Your argument of Google not being a civil rights NGO (even leaving aside the issue that, once again, this is about a clash between different civil rights rather than against the oppression of civil rights period), or me spending money on fighting the ruling, are however great straw men: I never claimed they would fight it out of altruism, and I literally said I didn't mind the judgement at all (so why would I want to spend money fighting it?).

Google would try to convince judges that it interpreted the judgement in a reasonable way simply because the alternative seriously threatens their business model. As to the drama about Google risking fines and whatnot: companies skirt tax, employment, competition and other laws/judgements all the time if those even threaten to reduce their bottom line. Not to mention that, again, this judgement explicitly gives search engine companies the mandate to decide in part for themselves what is reasonable and what is not, unlike tax/employment/competition laws.

Comment: Re:Article is wrong (Score 1) 239

by Halo1 (#47372915) Attached to: Following EU Ruling, BBC Article Excluded From Google Searches

Define "inadequate, irrelevant or no longer relevant".

Keep in mind your definition must apply to every single situation and under no circumstance a judge will disagree with your assessment and assign damages.

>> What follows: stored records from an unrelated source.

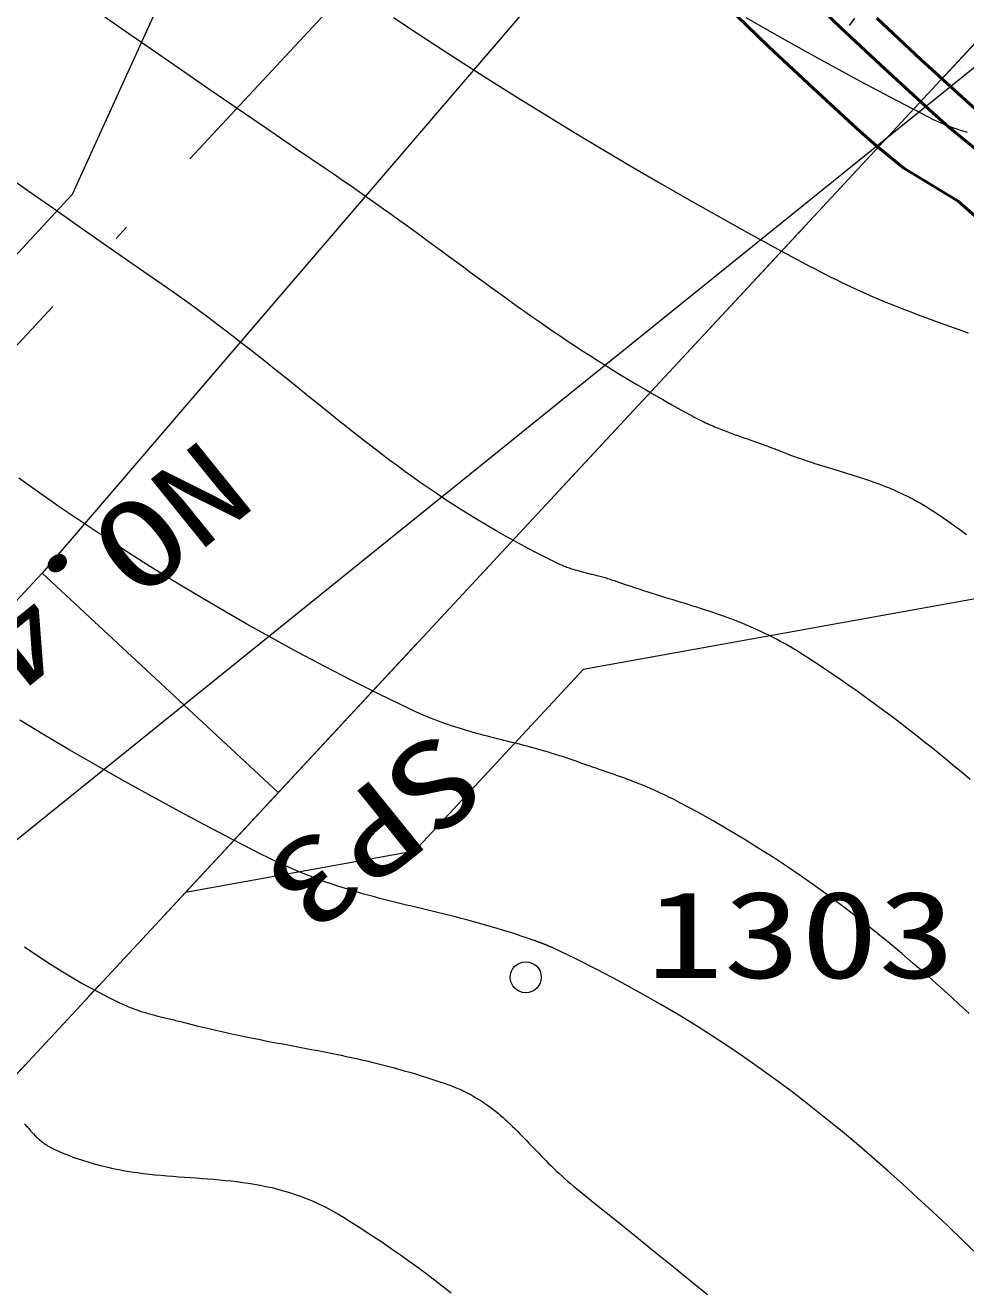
# Model space of a CAD drawing. Units: millimetres at full size, sheet at 1:500; details may follow other scales. Extents: x -209175 to 420500, y 0 to 351151.
# Drawn here: x 41871 to 49450, y 149877 to 160072 of the extents above; entities that cross this region are included whole.
import ezdxf
from ezdxf.enums import TextEntityAlignment as Align

# ---------------------------------------------------------------- set-up
doc = ezdxf.new("R2010")
doc.units = ezdxf.units.MM
doc.header["$LTSCALE"] = 500
doc.linetypes.add('USER1', pattern=[9.25, 6, -1.5, 0.25, -1.5])
for name, color, linetype, lineweight in [('D-BGD', 7, 'Continuous', 13), ('D-BGD-HICN', 7, 'Continuous', 13), ('D-BGD-LWCN', 8, 'Continuous', 13), ('D-BGD-TXT', 7, 'Continuous', 13), ('D-BMK', 2, 'USER1', 13), ('D-BMK-HTXT', 7, 'Continuous', 13), ('D-BYP-STR4', 1, 'Continuous', 50), ('D-BYP-STR6', 3, 'Continuous', 13), ('D-BYP-STR7', 4, 'Continuous', 50), ('D-BYP-STR8', 5, 'Continuous', 50), ('D-STR', 1, 'Continuous', 13), ('サーフェス_コンタ作成', 33, 'Continuous', 13)]:
    doc.layers.add(name, color=color, linetype=linetype, lineweight=lineweight)
doc.styles.add('ＭＳ ゴシック', font='')
doc.styles.get('ＭＳ ゴシック').set_extended_font_data('MS Gothic')

msp = doc.modelspace()

# ---------------------------------------------------------------- linework, layer by layer
at = {"layer": 'D-BGD'}
msp.add_circle((45904.2, 152395.9), 125, dxfattribs=at)
at = {"layer": 'D-BGD-HICN'}
for points in [[(42492.2, 160152.8), (42703.8, 160006.1), (42918.7, 159857.5), (43137, 159706.9), (43359, 159554.1), (43584.9, 159399.2), (43814.9, 159242), (44049.1, 159082.4), (44287.8, 158920.3), (44358.8, 158872), (44428.4, 158824.2), (44496.7, 158777), (44563.6, 158730.3), (44629.3, 158684.1), (44693.9, 158638.5), (44757.4, 158593.3), (44819.8, 158548.7), (44881.2, 158504.4), (44941.8, 158460.6), (45001.5, 158417.2), (45060.5, 158374.2), (45118.8, 158331.6), (45176.4, 158289.3), (45233.5, 158247.4), (45290, 158205.8), (45346.2, 158164.5), (45401.9, 158123.4), (45457.4, 158082.7), (45512.6, 158042.2), (45567.6, 158001.9), (45622.5, 157961.8), (45677.4, 157921.9), (45732.3, 157882.1), (45787.4, 157842.5), (45842.5, 157803.1), (45897.9, 157763.8), (45953.6, 157724.5), (46009.6, 157685.3), (46066.1, 157646.2), (46123, 157607.2), (46180.5, 157568.1), (46238.7, 157529.1), (46297.5, 157490), (46357, 157450.9), (46417.4, 157411.7), (46478.6, 157372.5), (46540.9, 157333.2), (46604.1, 157293.7), (46668.4, 157254.2), (46733.8, 157214.4), (46800.5, 157174.6), (46868.5, 157134.5), (46937.7, 157094.2), (47008.5, 157053.7), (47080.6, 157013), (47154.4, 156972), (47229.7, 156930.7), (47246, 156921.9), (47262, 156913.4), (47277.9, 156905.2), (47293.5, 156897.2), (47308.9, 156889.5), (47324.1, 156882), (47339.2, 156874.7), (47354.1, 156867.7), (47368.8, 156860.9), (47383.4, 156854.2), (47397.9, 156847.8), (47412.2, 156841.5), (47426.5, 156835.4), (47440.6, 156829.4), (47454.7, 156823.6), (47468.6, 156817.9), (47482.5, 156812.4), (47496.4, 156806.9), (47510.1, 156801.6), (47523.9, 156796.3), (47537.6, 156791.2), (47551.4, 156786.1), (47565.1, 156781.1), (47578.8, 156776.1), (47592.6, 156771.1), (47606.3, 156766.2), (47620.2, 156761.3), (47634, 156756.5), (47648, 156751.6), (47662, 156746.7), (47676.1, 156741.8), (47690.2, 156736.9), (47704.5, 156731.9), (47718.9, 156726.8), (47733.5, 156721.7), (47748.2, 156716.6), (47763, 156711.3), (47778, 156706), (47793.1, 156700.5), (47808.5, 156695), (47824, 156689.3), (47839.7, 156683.5), (47855.7, 156677.5), (47871.9, 156671.4), (47888.3, 156665.1), (47905, 156658.7), (47921.9, 156652), (47939.1, 156645.2), (47970.2, 156632.9), (48000.8, 156621), (48031.1, 156609.6), (48061, 156598.7), (48090.5, 156588.1), (48119.6, 156577.8), (48148.4, 156568), (48176.9, 156558.4), (48205.1, 156549.1), (48232.9, 156540.1), (48260.5, 156531.3), (48287.8, 156522.7), (48314.9, 156514.3), (48341.7, 156506), (48368.3, 156497.9), (48394.7, 156489.9), (48420.9, 156482), (48447, 156474.1), (48472.8, 156466.2), (48498.6, 156458.3), (48524.2, 156450.5), (48549.6, 156442.5), (48575, 156434.5), (48600.3, 156426.4), (48625.6, 156418.1), (48650.7, 156409.7), (48675.9, 156401.1), (48701, 156392.3), (48726.1, 156383.3), (48751.2, 156374), (48776.4, 156364.4), (48801.5, 156354.5), (48826.8, 156344.3), (48852.1, 156333.7), (48877.4, 156322.7), (48902.9, 156311.3), (48928.5, 156299.5), (48954.3, 156287.2), (48980.1, 156274.4), (49006.2, 156261.1), (49032.4, 156247.2), (49058.8, 156232.7), (49085.4, 156217.7), (49112.2, 156202), (49139.2, 156185.7), (49166.6, 156168.7), (49194.1, 156151.1), (49222, 156132.6), (49257.7, 156108.5), (49292.6, 156084.5), (49326.8, 156060.7), (49360.2, 156037.1), (49392.9, 156013.6), (49424.9, 155990.3), (49456.2, 155967.2)], [(41864.6, 151215.2), (41871.2, 151207.3), (41877.9, 151199.4), (41884.5, 151191.6), (41891.1, 151183.8), (41897.7, 151176.1), (41904.3, 151168.5), (41911, 151160.9), (41917.7, 151153.3), (41924.4, 151145.9), (41931.2, 151138.5), (41938.1, 151131.1), (41945, 151123.9), (41952.1, 151116.7), (41959.3, 151109.6), (41966.6, 151102.6), (41974.1, 151095.7), (41981.8, 151088.8), (41989.6, 151082.1), (41997.6, 151075.4), (42005.8, 151068.9), (42014.3, 151062.5), (42022.9, 151056.1), (42031.8, 151049.9), (42041, 151043.8), (42050.4, 151037.8), (42060.2, 151031.9), (42070.2, 151026.2), (42080.5, 151020.6), (42091.2, 151015.1), (42102.2, 151009.7), (42113.5, 151004.5), (42166.4, 150981.7), (42218.9, 150960.6), (42271, 150941.2), (42322.6, 150923.4), (42373.9, 150907.1), (42424.8, 150892.2), (42475.4, 150878.7), (42525.6, 150866.4), (42575.5, 150855.3), (42625.1, 150845.3), (42674.4, 150836.4), (42723.4, 150828.3), (42772.2, 150821.1), (42820.7, 150814.7), (42869, 150808.9), (42917.1, 150803.8), (42965, 150799.1), (43012.7, 150794.9), (43060.2, 150791.1), (43107.6, 150787.5), (43154.8, 150784.1), (43201.9, 150780.8), (43248.9, 150777.5), (43295.8, 150774.2), (43342.7, 150770.7), (43389.5, 150767), (43436.2, 150763), (43482.9, 150758.6), (43529.6, 150753.8), (43576.3, 150748.4), (43623, 150742.3), (43669.7, 150735.5), (43716.5, 150727.9), (43763.4, 150719.4), (43810.3, 150710), (43857.3, 150699.5), (43904.4, 150687.8), (43951.7, 150675), (43999.1, 150660.8), (44046.6, 150645.3), (44094.3, 150628.3), (44142.2, 150609.8), (44190.3, 150589.6), (44238.7, 150567.7), (44287.2, 150544), (44336, 150518.4), (44385.1, 150490.9), (44434.4, 150461.3), (44497.4, 150422), (44558.9, 150383), (44619.1, 150344.1), (44678, 150305.5), (44735.6, 150267), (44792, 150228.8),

You can go first by defining such a rule about the first, second, fourth, ... amendment to the US Constitution. I'll even let you include all judgements by the Supreme Court on that particular amendment. Laws and judgements involving fundamental/inalienable (human) rights are never condensable into a simplistic rule.

Because that is what Google is facing, people can have any search result that lists their name removed if it meets whatever arbitrary definition of those three words a judge wishes to interpret.

The judge has to interpret the entire judgement by the ECHR, which is quite a bit more elaborate than that.

There is a very legitimate argument that those terms are so vague Google has no choice whatsoever but to simply delist every single thing they are asked to delist.

And there is a very legitimate argument that it does not have to do that. Such expressions don't say very much.

Given that Google strongly opposed the judgement and given the fact that the further interpretation of the judgement has not yet been set in stone, it's a bit silly to conclude that Google now doesn't have any choice, in particular since the judgement also explicitly mentions that search engine operators only have to act ‘within the framework of their responsibilities, powers and capabilities’. A good and fairly short analysis sketching the picture of the various points of interest can be found here.

There is simply no black and white argument to be made either way right now, because while the judgement does start from considering the right to privacy as trumping both economic interests of search engine operators and the public's "general" interest into details about other people's lives, it does counterbalance/nuance this in various ways. Given the beating that the right to privacy has been getting lately, I personally don't mind at all that it now got a pretty strong reinforcement.